Francisca Benitez

The Oregon Rural Action Health Care Reform Action Team will host a screening of the documentary “Big Money Agenda: Democracy on the Brink” beginning at 6:30 p.m. April 18 at Cook Memorial Library. The event is open to the public, and there will be a panel of speakers after the screening.

Panelists will include Kristin Ostrom, president of the local ORA Blue Mountain Chapter, as well as La Grande Mayor Steve Clements, La Grande City Councillor Jim Whitbeck and ORA board member Kathy Pfister-Minogue.

ORA is a non-partisan group “working to promote social justice, agricultural and economic sustainability, and stewardship of the region’s land, air and water,” according to oregonrural.org.

The Blue Mountain Chapter was founded in 2001 and, according to board member Bill Whitaker, currently has four action groups: health care, energy, food and agriculture, and social justice.

The documentary explores the effects of money in politics.
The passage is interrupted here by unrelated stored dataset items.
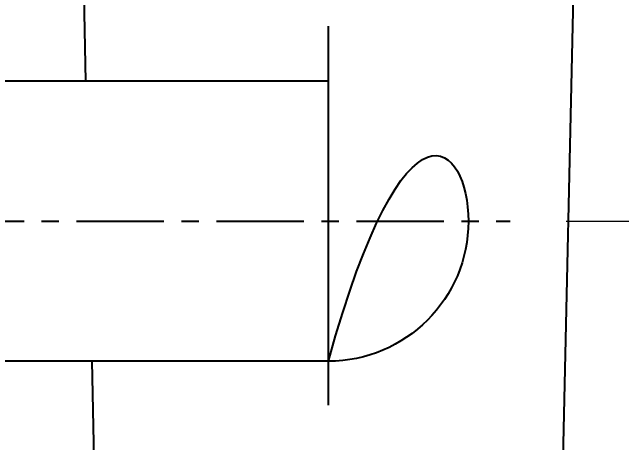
# Model space of a CAD drawing. Extents: x 16296660632 to 16296676729, y -37409619871 to -37409616801.
# Drawn here: x 16296675914.71 to 16296675958.27, y -37409617401.1 to -37409617370.33 of the extents above; entities that cross this region are included whole.
import ezdxf

# ---------------------------------------------------------------- set-up
doc = ezdxf.new("R2010")
doc.units = 0
doc.header["$LTSCALE"] = 10
doc.header["$MEASUREMENT"] = 0
doc.header["$PDMODE"] = 3
doc.header["$PDSIZE"] = -10
doc.linetypes.add('CENTER', pattern=[2, 1.25, -0.25, 0.25, -0.25])
doc.layers.get('0').update_dxf_attribs({"linetype": 'CONTINUOUS'})
doc.layers.get('DEFPOINTS').update_dxf_attribs({"linetype": 'CONTINUOUS'})
doc.layers.add('center', color=1, linetype='CENTER', lineweight=25)
doc.styles.add('Daelim Dimension', font='NanumGothic.ttf')
doc.dimstyles.new('DEFAULT', dxfattribs={"dimscale": 2, "dimtxt": 2, "dimasz": 2, "dimexe": 0, "dimexo": 2, "dimgap": 1, "dimtad": 1, "dimdec": 1, "dimzin": 9, "dimdsep": 46, "dimtxsty": 'Daelim Dimension', "dimcen": 0.5, "dimclrd": 252, "dimclre": 252, "dimclrt": 3, "dimadec": 1, "dimazin": 0, "dimtfac": 1, "dimtdec": 1, "dimtix": 1, "dimtmove": 0, "dimatfit": 3, "dimfxl": 1, "dimtolj": 1, "dimtzin": 1, "dimlwd": 9, "dimlwe": 9, "dimarcsym": 0})

# ---------------------------------------------------------------- blocks, each defined once
blk = doc.blocks.new('*D6')
at = {"color": 5, "lineweight": 9, "ltscale": 0.5, "transparency": 16777216}
for p, q in [((16296675954.30769, -37409617385.26638), (16296675975.48315, -37409617385.26638)), ((16296675975.48315, -37409617461.26638), (16296675975.48315, -37409617389.26638)), ((16296675951.80769, -37409617465.26638), (16296675975.48315, -37409617465.26638))]:
    blk.add_line(p, q, dxfattribs=at)
at = {"color": 5, "ltscale": 0.5, "transparency": 16777216}
for points in [[(16296675974.81648, -37409617389.26638), (16296675976.14981, -37409617389.26638), (16296675975.48315, -37409617385.26638)], [(16296675974.81648, -37409617461.26638), (16296675976.14981, -37409617461.26638), (16296675975.48315, -37409617465.26638)]]:
    blk.add_solid(points, dxfattribs=at)
at = {"layer": 'DEFPOINTS', "color": 0, "ltscale": 0.5, "transparency": 16777216}
for p in [(16296675950.30769, -37409617385.26638), (16296675975.48315, -37409617385.26638), (16296675947.80769, -37409617465.26638)]:
    blk.add_point(p, dxfattribs=at)
at = {"color": 7, "ltscale": 0.5, "transparency": 16777216, "insert": (16296675965.86226, -37409617425.26638), "char_height": 14, "attachment_point": 5, "rotation": 90, "style": 'Daelim Dimension'}
blk.add_mtext('\\A1;80', dxfattribs=at)
blk = doc.blocks.new('*D7')
at = {"color": 5, "lineweight": 9, "ltscale": 0.5, "transparency": 16777216}
for p, q in [((16296675955.80769, -37409617365.26638), (16296676001.16714, -37409617365.26638)), ((16296676001.16714, -37409617481.26638), (16296676001.16714, -37409617369.26638)), ((16296675953.33258, -37409617485.26638), (16296676001.16714, -37409617485.26638))]:
    blk.add_line(p, q, dxfattribs=at)
at = {"color": 5, "ltscale": 0.5, "transparency": 16777216}
for points in [[(16296676000.50047, -37409617369.26638), (16296676001.83381, -37409617369.26638), (16296676001.16714, -37409617365.26638)], [(16296676000.50047, -37409617481.26638), (16296676001.83381, -37409617481.26638), (16296676001.16714, -37409617485.26638)]]:
    blk.add_solid(points, dxfattribs=at)
at = {"layer": 'DEFPOINTS', "color": 0, "ltscale": 0.5, "transparency": 16777216}
for p in [(16296675951.80769, -37409617365.26638), (16296676001.16714, -37409617365.26638), (16296675949.33258, -37409617485.26638)]:
    blk.add_point(p, dxfattribs=at)
at = {"color": 7, "ltscale": 0.5, "transparency": 16777216, "insert": (16296675991.5763, -37409617425.26638), "char_height": 14, "attachment_point": 5, "rotation": 90, "style": 'Daelim Dimension'}
blk.add_mtext('\\A1;120', dxfattribs=at)

msp = doc.modelspace()

# ---------------------------------------------------------------- linework, layer by layer
at = {"ltscale": 0.5}
for p, q in [((16296675919.808, -37409617368.266), (16296675919.96, -37409617375.266)), ((16296675954.808, -37409617368.266), (16296675952.332, -37409617482.291)), ((16296675937.308, -37409617375.266), (16296675437.308, -37409617375.266)), ((16296675937.308, -37409617395.266), (16296675437.308, -37409617395.266)), ((16296675920.394, -37409617395.266), (16296675921.751, -37409617457.766))]:
    msp.add_line(p, q, dxfattribs=at)
msp.add_arc((16296675937.308, -37409617385.266), 10, 270, 90, dxfattribs=at)
at = {"layer": 'center', "ltscale": 0.5}
for p, q in [((16296675937.308, -37409617398.414), (16296675937.308, -37409617371.32)), ((16296675419.308, -37409617385.266), (16296675950.308, -37409617385.266))]:
    msp.add_line(p, q, dxfattribs=at)

# ---------------------------------------------------------------- dimensions: what is measured, and where the dimension line sits
at = {"color": 5, "ltscale": 0.5}
dim = msp.add_linear_dim(base=(16296676001.167, -37409617365.266), p1=(16296675949.333, -37409617485.266), p2=(16296675951.808, -37409617365.266), angle=90, dimstyle='DEFAULT', override={"dimtxt": 7, "dimclrd": 5, "dimclre": 5, "dimclrt": 7}, dxfattribs=at)
dim.commit()
dim.dimension.update_dxf_attribs({"geometry": '*D7', "text_midpoint": (16296676001.167, -37409617425.266), "dimtype": 160})
dim = msp.add_linear_dim(base=(16296675975.483, -37409617385.266), p1=(16296675947.808, -37409617465.266), p2=(16296675950.308, -37409617385.266), angle=90, dimstyle='DEFAULT', override={"dimtxt": 7, "dimclrd": 5, "dimclre": 5, "dimclrt": 7}, dxfattribs=at)
dim.commit()
dim.dimension.update_dxf_attribs({"geometry": '*D6', "text_midpoint": (16296675965.862, -37409617425.266)})

doc.saveas('drawing.dxf')

Pfister-Minogue said the documentary aligns with the ORA Health Care Reform Action Team’s goal of achieving universal health care.

“If you look at how our legislators are funded for election campaigns, they get huge amounts of money from pharmaceutical companies and insurance companies,” she said.

Pfister-Minogue also said politicians who take money from pharmaceutical or insurance companies are biased in their favor, rather than the favor of people who can’t afford medicine or care.

Grande Ronde Hospital’s 2018 Union County Community Health Assessment, which is still in draft form, reported the top reason for being uninsured in Union County is the inability to pay the premiums or cost. Among people who did not get prescriptions filled, the survey found 39 percent said the medicine was too expensive, and 15 percent said they stretched the prescription by taking less than recommended to offset the cost of the medication.

Pfister-Minogue is a nurse practitioner, and she said stretching medication can be dangerous. She explained why she personally supports universal health care: “It’s the right thing to do. It’s a moral imperative.”